Nordix / Meridio

Facilitator of attraction and distribution of external traffic within Kubernetes via secondary networks
https://meridio.nordix.org
Apache License 2.0
46 stars 9 forks source link

TAPA unreachable for ~10 sec when its NSM interface is replaced #548

Open zolug opened 1 month ago

zolug commented 1 month ago

Describe the bug When an NSM interface in a TAPA is replaced during NSM heal (old connection is closed part of which the old interface is removed) the new interface most probably will end up with a different MAC address. Yet, the IP address(es) assigned by the proxy component would be most likely the same.

During such NSM heal event the LBs currently won't be informed about the temporary unavailability of said TAPA/Target. However, in an LB the linux neighbor cache might contain a related neighbor entry (with the old/invalid MAC). Renewal of the neighbor entry is delayed by delay_first_probe_time sec (default: 5) and then initially probes are sent out to the invalid MAC in the cache for ucast_solicit times (defaults: 3). So, even if NSM heal would replace the NSM interface in TAPA instantly, there would be at least 8 seconds delay until LBs could learn the new MAC address.

Context

zolug commented 1 month ago

Unfortunately, enabling arp_notify in the TAPA won't resolve the problem. That's because of the chained architecture of NSM meaning the interface is first created and its state is set to UP and then the addresses are configured afterwards. While, linux for IPV4 won't send a gARP in such case: https://github.com/torvalds/linux/blob/v6.8/net/ipv4/devinet.c#L1606

For IPv6, ndisc_notify does work though: https://github.com/torvalds/linux/blob/v6.8/net/ipv6/addrconf.c#L4292

There's also the the issue, how to set any sysctl in the TAPA i.e. application POD. A privileged init container could be used for this purpose. But if that's not feasible, a multus network-attachment-definition relying on tuning CNI could be used to set ndisc_notify for the default interface (thus NSM interfaces created later could inherit the default value). Or NSM feature set could be extended to include setting arp_notify/ndisc_notify sysctls for a particular interface.

zolug commented 1 month ago

ideas to resolve:

1., Lowering probe delay by tweaking sysctl params in LB, primarily ucast_solicit and delay_first_probe_time values: Unfortunately, for the 'default' interface these two cannot be set in other than the init linux network namespace. Therefore, we cannot employ a privileged init container or a tuning network-attachment-definition. Therefore, in order to work these values should be set per NSM interface instead by some privileged entity.

2., Use arping program in TAPA (NSC) to send out gARP: It would require CAP_NET_RAW privilege at least. Any privilege requirement towards TAPA users must be avoided. Could be outsourced to NSM.

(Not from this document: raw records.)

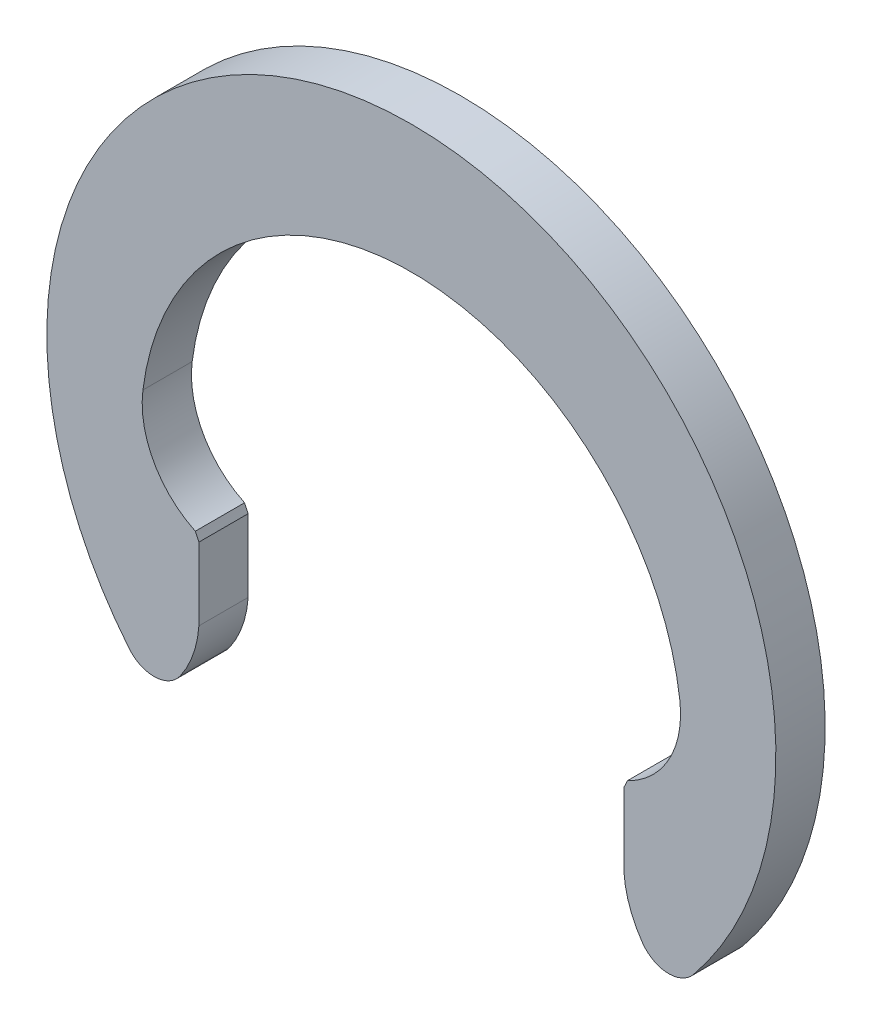
ISO-10303-21;
HEADER;
FILE_DESCRIPTION(('STEP AP214'),'2;1');
FILE_NAME('part.step','',(''),(''),'','','');
FILE_SCHEMA(('AUTOMOTIVE_DESIGN { 1 0 10303 214 1 1 1 1 }'));
ENDSEC;
DATA;
#1=APPLICATION_CONTEXT('core data for automotive mechanical design processes');
#2=APPLICATION_PROTOCOL_DEFINITION('international standard','automotive_design',2000,#1);
#3=PRODUCT_CONTEXT('',#1,'mechanical');
#4=PRODUCT('Part','Part','',(#3));
#5=PRODUCT_RELATED_PRODUCT_CATEGORY('part','',(#4));
#6=PRODUCT_DEFINITION_FORMATION('','',#4);
#7=PRODUCT_DEFINITION_CONTEXT('part definition',#1,'design');
#8=PRODUCT_DEFINITION('design','',#6,#7);
#9=PRODUCT_DEFINITION_SHAPE('','',#8);
#10=(LENGTH_UNIT() NAMED_UNIT(*) SI_UNIT(.MILLI.,.METRE.));
#11=(NAMED_UNIT(*) PLANE_ANGLE_UNIT() SI_UNIT($,.RADIAN.));
#12=(NAMED_UNIT(*) SI_UNIT($,.STERADIAN.) SOLID_ANGLE_UNIT());
#13=UNCERTAINTY_MEASURE_WITH_UNIT(LENGTH_MEASURE(1.E-05),#10,'distance_accuracy_value','');
#14=(GEOMETRIC_REPRESENTATION_CONTEXT(3) GLOBAL_UNCERTAINTY_ASSIGNED_CONTEXT((#13)) GLOBAL_UNIT_ASSIGNED_CONTEXT((#10,
#11,#12)) REPRESENTATION_CONTEXT('',''));
#15=CARTESIAN_POINT('',(0.,0.,0.));
#16=DIRECTION('',(0.,0.,1.));
#17=DIRECTION('',(1.,0.,0.));
#18=AXIS2_PLACEMENT_3D('',#15,#16,#17);
#19=CARTESIAN_POINT('',(0.,0.,-0.35));
#20=DIRECTION('',(0.,0.,1.));
#21=DIRECTION('',(1.,0.,0.));
#22=AXIS2_PLACEMENT_3D('',#19,#20,#21);
#23=PLANE('',#22);
#24=CARTESIAN_POINT('',(0.,0.,-0.35));
#25=DIRECTION('',(0.,0.,1.));
#26=DIRECTION('',(1.,0.,0.));
#27=AXIS2_PLACEMENT_3D('',#24,#25,#26);
#28=CIRCLE('',#27,3.7);
#29=CARTESIAN_POINT('',(2.86362795950369,-2.34299699307292,-0.35));
#30=VERTEX_POINT('',#29);
#31=CARTESIAN_POINT('',(-2.86362795950368,-2.34299699307293,-0.35));
#32=VERTEX_POINT('',#31);
#33=EDGE_CURVE('E194',#30,#32,#28,.T.);
#34=ORIENTED_EDGE('',*,*,#33,.F.);
#35=CARTESIAN_POINT('',(2.6120930711689,-2.13719320314084,-0.35));
#36=DIRECTION('',(0.,0.,-1.));
#37=DIRECTION('',(1.,0.,0.));
#38=AXIS2_PLACEMENT_3D('',#35,#36,#37);
#39=CIRCLE('',#38,0.325);
#40=CARTESIAN_POINT('',(2.34627823993633,-2.32418912688464,-0.35));
#41=VERTEX_POINT('',#40);
#42=EDGE_CURVE('E267',#30,#41,#39,.T.);
#43=ORIENTED_EDGE('',*,*,#42,.T.);
#44=CARTESIAN_POINT('',(3.20865351956933,-1.71752372269696,-0.35));
#45=DIRECTION('',(0.,0.,1.));
#46=DIRECTION('',(1.,0.,0.));
#47=AXIS2_PLACEMENT_3D('',#44,#45,#46);
#48=CIRCLE('',#47,1.05438799099777);
#49=CARTESIAN_POINT('',(2.15667568261897,-1.78877444989019,-0.35));
#50=VERTEX_POINT('',#49);
#51=EDGE_CURVE('E214',#50,#41,#48,.T.);
#52=ORIENTED_EDGE('',*,*,#51,.F.);
#53=DIRECTION('',(0.,-1.,0.));
#54=VECTOR('',#53,1.);
#55=CARTESIAN_POINT('',(2.15667568261898,-1.78877444989019,-0.35));
#56=LINE('',#55,#54);
#57=CARTESIAN_POINT('',(2.15667568261897,-1.05297198443263,-0.35));
#58=VERTEX_POINT('',#57);
#59=EDGE_CURVE('E11',#58,#50,#56,.T.);
#60=ORIENTED_EDGE('',*,*,#59,.F.);
#61=CARTESIAN_POINT('',(0.,0.,-0.35));
#62=DIRECTION('',(0.,0.,-1.));
#63=DIRECTION('',(-1.,0.,0.));
#64=AXIS2_PLACEMENT_3D('',#61,#62,#63);
#65=CIRCLE('',#64,2.4);
#66=CARTESIAN_POINT('',(2.19302872758202,-0.975,-0.35));
#67=VERTEX_POINT('',#66);
#68=EDGE_CURVE('E205',#67,#58,#65,.T.);
#69=ORIENTED_EDGE('',*,*,#68,.F.);
#70=CARTESIAN_POINT('',(1.78492705087858,-0.119710168645288,-0.35));
#71=DIRECTION('',(0.,0.,-1.));
#72=DIRECTION('',(-1.,0.,0.));
#73=AXIS2_PLACEMENT_3D('',#70,#71,#72);
#74=CIRCLE('',#73,0.947664325669659);
#75=CARTESIAN_POINT('',(2.725,0.,-0.35));
#76=VERTEX_POINT('',#75);
#77=EDGE_CURVE('E206',#76,#67,#74,.T.);
#78=ORIENTED_EDGE('',*,*,#77,.F.);
#79=CARTESIAN_POINT('',(0.,-0.347005208333333,-0.35));
#80=DIRECTION('',(0.,0.,-1.));
#81=DIRECTION('',(1.,0.,0.));
#82=AXIS2_PLACEMENT_3D('',#79,#80,#81);
#83=CIRCLE('',#82,2.74700520833333);
#84=CARTESIAN_POINT('',(-2.725,0.,-0.35));
#85=VERTEX_POINT('',#84);
#86=EDGE_CURVE('E222',#85,#76,#83,.T.);
#87=ORIENTED_EDGE('',*,*,#86,.F.);
#88=CARTESIAN_POINT('',(-1.78492705087858,-0.119710168645288,-0.35));
#89=DIRECTION('',(0.,0.,-1.));
#90=DIRECTION('',(1.,0.,0.));
#91=AXIS2_PLACEMENT_3D('',#88,#89,#90);
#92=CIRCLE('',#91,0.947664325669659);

3., Change NSM Target registration protocol. E.g. report if associated NSM connection's state becomes DELETE, upon which LBs could remove any cached neighbor entries. This would be sensitive to NSP unavailability.

4., Proxy to send promisc gARP instead of the TAPA when a new NSM connection gets established between a TAPA and said proxy: Proxy would need to learn the MAC of the NSM interface in the TAPA. For which it could use some ping or anything. Once, the MAC was learned, it could do a gARP on behalf of the TAPA using arping program with promisc mode. Due to the promisc mode, most probably it would require additional privileges than just CAP_NET_RAW (needed to create RAW socket to send out gARP).

5., Using some custom communication channel proxy could signal the Target IPs to LBs when a new TAPA->proxy connection gets established. So, that the LB could remove any possible cached neighbor entries.

6., LBs could rely on NSM's Connection Monitor feature to learn if TAPA->Proxy NSM connection state changes to DELETE, and extract associated IPs from the connection to issue neighbor delete operations. Unfortunately, MonitorScopeSelector in NSM currently only supports PathSegment related filters like path name, id and token. Which are not known by LB, and can change dynamically over time. On the other hand, without filters there's a risk of receiving way too much events depending on the deployments using NSM. At the moment I don't see any obstacle or drawback to add a new filter option based on network service name.